Example of a job using the data_generator processor to generate approximately 10,000 records per minute or 60,000 records per hour. Results could very as this is a loose approximation.

{
    "name" : "testing",
    "workers" : 1,
    "lifecycle" : "persistent",
    "assets" : [
        "standard"
    ],
    "operations" : [
        {
            "_op": "data_generator",
            "size": 5000,
            "delay": 30
        },
        {
            "_op": "noop"
        }
    ]
}

Parameters

Configuration Description Type Notes
_op Name of operation, it must reflect the exact name of the file String required
size If job lifecycle is set to once, then size is the total number of generated documents.
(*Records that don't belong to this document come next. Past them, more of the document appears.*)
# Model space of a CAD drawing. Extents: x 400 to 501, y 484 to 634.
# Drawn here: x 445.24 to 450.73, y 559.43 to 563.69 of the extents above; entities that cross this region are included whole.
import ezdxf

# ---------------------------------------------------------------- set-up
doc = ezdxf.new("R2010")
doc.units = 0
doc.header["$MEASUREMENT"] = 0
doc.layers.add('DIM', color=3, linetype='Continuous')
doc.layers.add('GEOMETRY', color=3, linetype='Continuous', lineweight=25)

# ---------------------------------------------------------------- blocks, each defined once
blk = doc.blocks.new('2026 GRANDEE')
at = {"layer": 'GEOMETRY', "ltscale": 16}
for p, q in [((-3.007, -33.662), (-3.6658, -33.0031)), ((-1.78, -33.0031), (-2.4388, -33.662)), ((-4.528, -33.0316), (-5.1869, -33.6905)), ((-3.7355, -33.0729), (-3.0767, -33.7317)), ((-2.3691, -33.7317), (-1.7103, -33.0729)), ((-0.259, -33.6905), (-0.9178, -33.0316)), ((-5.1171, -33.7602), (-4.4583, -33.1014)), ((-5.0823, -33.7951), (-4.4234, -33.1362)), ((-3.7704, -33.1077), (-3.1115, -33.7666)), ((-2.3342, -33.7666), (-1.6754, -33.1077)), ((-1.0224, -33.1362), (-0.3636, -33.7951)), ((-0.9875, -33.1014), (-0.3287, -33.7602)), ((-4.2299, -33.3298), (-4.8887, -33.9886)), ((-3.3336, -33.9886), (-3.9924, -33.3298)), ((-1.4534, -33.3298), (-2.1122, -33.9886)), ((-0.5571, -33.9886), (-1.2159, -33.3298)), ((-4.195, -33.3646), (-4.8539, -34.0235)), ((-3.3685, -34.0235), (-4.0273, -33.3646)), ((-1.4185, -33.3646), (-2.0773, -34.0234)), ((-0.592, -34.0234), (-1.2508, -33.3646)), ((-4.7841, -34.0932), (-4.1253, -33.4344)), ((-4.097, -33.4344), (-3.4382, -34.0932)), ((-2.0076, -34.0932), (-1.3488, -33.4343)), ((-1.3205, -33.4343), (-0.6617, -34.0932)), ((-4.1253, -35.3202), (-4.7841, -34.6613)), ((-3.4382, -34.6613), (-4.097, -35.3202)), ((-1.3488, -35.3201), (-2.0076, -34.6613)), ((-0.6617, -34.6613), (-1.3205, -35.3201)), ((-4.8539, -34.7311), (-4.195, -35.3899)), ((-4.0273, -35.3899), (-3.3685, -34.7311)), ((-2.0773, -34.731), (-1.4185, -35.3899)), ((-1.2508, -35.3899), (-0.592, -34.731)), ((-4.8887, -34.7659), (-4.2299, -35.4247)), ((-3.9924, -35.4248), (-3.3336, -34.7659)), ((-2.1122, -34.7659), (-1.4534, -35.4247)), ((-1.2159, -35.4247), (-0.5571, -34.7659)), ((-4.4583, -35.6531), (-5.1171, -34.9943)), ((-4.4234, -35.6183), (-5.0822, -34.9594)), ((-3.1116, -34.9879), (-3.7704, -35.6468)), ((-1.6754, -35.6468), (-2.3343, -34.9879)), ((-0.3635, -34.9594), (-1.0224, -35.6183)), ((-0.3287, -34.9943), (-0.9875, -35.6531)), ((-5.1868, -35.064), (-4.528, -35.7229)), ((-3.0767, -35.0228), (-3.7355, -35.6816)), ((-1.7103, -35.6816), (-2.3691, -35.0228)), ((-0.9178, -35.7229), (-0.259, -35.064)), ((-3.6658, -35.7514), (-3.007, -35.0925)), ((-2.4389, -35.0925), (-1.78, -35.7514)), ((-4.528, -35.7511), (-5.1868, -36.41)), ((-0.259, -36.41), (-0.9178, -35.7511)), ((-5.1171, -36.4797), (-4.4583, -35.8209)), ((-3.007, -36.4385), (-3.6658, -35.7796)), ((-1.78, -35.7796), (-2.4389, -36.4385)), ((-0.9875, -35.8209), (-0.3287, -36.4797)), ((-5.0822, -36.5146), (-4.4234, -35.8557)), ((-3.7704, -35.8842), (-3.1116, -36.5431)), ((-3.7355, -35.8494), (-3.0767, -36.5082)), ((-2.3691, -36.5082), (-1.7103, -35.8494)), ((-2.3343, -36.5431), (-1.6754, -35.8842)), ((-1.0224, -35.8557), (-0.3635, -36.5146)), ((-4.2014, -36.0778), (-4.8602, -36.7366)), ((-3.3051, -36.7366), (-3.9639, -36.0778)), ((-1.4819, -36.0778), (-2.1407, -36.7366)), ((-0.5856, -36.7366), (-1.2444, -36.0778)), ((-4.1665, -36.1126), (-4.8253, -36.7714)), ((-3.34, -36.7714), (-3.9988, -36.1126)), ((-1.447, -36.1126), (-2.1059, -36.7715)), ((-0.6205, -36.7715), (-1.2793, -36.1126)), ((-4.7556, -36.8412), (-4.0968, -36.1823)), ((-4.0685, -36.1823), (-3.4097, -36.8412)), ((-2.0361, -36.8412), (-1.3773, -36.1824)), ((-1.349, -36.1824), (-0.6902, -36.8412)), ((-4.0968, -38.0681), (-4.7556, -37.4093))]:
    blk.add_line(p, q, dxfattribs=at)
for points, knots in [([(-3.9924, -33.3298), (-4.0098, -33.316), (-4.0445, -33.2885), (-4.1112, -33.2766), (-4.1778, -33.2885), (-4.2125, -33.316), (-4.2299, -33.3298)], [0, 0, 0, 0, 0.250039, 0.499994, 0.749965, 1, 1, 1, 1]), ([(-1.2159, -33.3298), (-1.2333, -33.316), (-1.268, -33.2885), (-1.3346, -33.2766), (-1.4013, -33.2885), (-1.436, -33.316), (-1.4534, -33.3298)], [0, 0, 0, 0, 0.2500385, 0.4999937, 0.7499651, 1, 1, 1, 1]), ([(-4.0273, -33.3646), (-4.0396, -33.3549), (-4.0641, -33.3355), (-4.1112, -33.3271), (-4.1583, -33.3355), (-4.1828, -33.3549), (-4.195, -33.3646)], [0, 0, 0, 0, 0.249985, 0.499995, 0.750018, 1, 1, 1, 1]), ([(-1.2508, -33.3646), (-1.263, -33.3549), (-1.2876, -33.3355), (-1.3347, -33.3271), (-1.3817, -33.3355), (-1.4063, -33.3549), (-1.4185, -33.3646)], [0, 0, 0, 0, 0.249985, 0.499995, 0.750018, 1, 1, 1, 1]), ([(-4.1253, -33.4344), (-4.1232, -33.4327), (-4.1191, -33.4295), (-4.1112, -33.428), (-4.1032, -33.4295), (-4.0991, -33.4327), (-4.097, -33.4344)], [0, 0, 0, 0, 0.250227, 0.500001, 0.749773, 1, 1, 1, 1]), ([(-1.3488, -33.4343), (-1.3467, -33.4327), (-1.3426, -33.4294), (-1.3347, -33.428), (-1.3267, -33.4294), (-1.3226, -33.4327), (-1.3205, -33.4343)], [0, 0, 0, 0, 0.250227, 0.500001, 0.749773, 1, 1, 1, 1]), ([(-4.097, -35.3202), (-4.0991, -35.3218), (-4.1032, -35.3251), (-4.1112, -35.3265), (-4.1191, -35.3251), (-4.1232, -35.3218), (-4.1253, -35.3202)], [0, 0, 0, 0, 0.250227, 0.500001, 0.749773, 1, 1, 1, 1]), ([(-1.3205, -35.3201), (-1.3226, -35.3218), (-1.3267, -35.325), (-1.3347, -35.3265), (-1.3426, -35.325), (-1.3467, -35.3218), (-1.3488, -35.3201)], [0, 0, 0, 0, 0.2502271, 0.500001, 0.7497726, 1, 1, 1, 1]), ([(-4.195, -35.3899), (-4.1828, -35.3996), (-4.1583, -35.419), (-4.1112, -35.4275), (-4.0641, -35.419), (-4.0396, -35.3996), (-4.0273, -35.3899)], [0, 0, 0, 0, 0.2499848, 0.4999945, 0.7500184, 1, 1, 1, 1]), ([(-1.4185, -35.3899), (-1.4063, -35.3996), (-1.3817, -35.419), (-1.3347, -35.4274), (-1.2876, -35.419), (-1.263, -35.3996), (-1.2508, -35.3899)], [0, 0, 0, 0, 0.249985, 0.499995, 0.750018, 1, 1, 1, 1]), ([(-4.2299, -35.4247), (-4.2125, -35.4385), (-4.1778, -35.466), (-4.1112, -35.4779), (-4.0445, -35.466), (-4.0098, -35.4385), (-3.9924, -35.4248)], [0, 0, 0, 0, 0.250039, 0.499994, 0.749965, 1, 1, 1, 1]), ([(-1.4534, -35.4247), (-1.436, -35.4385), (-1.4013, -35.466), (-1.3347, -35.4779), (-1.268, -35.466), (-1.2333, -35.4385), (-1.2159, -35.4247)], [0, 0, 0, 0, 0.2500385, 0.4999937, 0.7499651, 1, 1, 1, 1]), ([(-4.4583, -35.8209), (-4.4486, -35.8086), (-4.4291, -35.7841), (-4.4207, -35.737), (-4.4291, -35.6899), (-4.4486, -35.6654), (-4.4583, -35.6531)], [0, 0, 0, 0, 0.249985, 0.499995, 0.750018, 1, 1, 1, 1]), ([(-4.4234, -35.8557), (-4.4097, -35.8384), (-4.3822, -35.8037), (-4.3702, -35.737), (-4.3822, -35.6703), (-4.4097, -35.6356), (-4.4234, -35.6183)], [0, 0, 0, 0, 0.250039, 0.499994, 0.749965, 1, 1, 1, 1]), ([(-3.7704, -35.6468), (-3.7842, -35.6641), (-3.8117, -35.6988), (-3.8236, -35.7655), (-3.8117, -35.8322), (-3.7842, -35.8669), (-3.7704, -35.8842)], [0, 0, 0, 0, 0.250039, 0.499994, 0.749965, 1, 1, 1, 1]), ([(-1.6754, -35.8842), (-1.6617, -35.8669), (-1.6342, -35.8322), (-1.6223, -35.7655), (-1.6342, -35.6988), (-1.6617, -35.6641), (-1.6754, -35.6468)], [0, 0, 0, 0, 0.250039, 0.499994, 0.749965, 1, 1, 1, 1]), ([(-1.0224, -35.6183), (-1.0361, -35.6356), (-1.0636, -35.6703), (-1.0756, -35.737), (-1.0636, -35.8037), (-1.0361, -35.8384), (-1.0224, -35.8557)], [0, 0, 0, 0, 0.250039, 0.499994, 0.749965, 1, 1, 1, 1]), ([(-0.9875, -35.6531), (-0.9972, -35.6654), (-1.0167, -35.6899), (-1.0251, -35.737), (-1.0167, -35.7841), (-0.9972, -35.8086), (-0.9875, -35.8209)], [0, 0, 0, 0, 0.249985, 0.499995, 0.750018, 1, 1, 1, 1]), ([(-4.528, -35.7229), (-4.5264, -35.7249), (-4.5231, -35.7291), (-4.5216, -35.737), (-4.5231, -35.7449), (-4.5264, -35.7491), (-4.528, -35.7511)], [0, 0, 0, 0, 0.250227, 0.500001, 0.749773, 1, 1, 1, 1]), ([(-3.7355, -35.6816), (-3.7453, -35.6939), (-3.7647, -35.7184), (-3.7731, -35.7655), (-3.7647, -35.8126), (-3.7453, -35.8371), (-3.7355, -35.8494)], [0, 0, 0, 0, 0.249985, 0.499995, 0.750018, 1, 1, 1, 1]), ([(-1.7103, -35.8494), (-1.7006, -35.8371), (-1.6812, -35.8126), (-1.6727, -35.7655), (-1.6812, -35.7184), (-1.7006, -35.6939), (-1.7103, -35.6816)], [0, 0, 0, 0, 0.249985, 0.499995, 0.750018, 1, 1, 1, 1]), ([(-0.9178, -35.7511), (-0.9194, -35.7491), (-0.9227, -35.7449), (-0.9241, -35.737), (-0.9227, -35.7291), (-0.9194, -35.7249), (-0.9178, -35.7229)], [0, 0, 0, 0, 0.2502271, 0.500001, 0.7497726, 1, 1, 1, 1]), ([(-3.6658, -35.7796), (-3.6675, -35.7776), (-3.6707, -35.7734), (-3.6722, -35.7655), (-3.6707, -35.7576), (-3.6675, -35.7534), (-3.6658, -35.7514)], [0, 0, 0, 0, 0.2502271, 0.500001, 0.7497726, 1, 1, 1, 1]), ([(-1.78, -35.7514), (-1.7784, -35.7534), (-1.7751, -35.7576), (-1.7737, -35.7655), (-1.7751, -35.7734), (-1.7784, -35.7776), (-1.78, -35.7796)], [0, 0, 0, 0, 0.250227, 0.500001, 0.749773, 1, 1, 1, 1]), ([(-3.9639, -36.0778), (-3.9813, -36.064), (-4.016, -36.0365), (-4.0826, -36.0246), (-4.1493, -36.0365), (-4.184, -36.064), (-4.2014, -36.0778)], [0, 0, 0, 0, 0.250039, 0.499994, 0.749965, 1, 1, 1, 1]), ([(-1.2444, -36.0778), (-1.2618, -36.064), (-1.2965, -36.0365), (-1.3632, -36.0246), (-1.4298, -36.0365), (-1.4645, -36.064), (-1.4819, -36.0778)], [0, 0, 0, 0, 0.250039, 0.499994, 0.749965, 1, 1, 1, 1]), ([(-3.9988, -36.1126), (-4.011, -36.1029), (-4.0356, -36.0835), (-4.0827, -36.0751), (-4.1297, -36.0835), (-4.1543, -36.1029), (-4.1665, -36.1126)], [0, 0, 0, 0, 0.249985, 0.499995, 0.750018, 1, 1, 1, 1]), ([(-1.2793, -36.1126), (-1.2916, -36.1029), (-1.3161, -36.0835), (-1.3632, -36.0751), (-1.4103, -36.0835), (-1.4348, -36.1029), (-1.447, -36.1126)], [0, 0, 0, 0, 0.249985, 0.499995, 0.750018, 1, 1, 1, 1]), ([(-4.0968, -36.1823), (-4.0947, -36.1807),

If job lifecycle is set to persistent, then the generator will constantly stream data in chunks equal to the size Number required
json_schema File path to custom schema String optional, the schema must be exported Node style module.exports = schema
format Format of date in the timestamp field, options are dateNow, utcDate, utcBetween, isoBetween. See advanced configuration section for more details String optional, defaults to dateNow
start Start of date range String optional, only used with format isoBetween or utcBetween, defaults to Thu Jan 01 1970 00:00:00 GMT-0700 (MST)
end End of date range String optional, only used with format isoBetween or utcBetween, defaults to new Date()
stress_test If set to true, it will send non-unique documents following your schema as fast as possible. Helpful to determine downstream performance limits or constraints Boolean optional, defaults to false
delay Time in seconds that a worker will delay the completion of a slice. Good for generating controlled amounts of data within a loose time window. Number optional but can't be used when stress_test is set to true
date_key Name of they date field. If set, it will remove the created field on the default schema. String optional, defaults to created
set_id Sets an id field on each record whose value is formatted according the the option given. The options are base64url, hexadecimal, HEXADECIMAL String optional, it does not set any metadata fields, ie _key. See the set_key processor on how to set the _key in the metadata.
id_start_key Set if you would like to force the first part of the id to a certain character or set of characters Sting optional, must be used in tandem with set_id. id_start_key is essentially a regex. If you set it to "a", then the first character of the id will be "a", can also set ranges [a-f] or randomly alternate between b and a if its set to "[ab]"

Advanced Configuration

Description of date formats and time range options

Format Description
dateNow Formats dates in the ISO8601 specification, ie 2016-01-19T13:48:08.426-07:00, preserving local time. Values will be the current date and time.
isoBetween Uses the ISO8601 format, but date and time values are constrained by the start and end config settings.
utcDate Formats dates in the UTC specification, ie "2016-01-19T20:48:08.426Z". Values will be the current date and time.
utcBetween Uses the UTC format, but date and time values are constrained by the start and end config settings.

persistent mode

The data generator will continually stream data. In this mode the size value applies to the number of documents generated per slice instead of the total number of documents created as it does in once mode.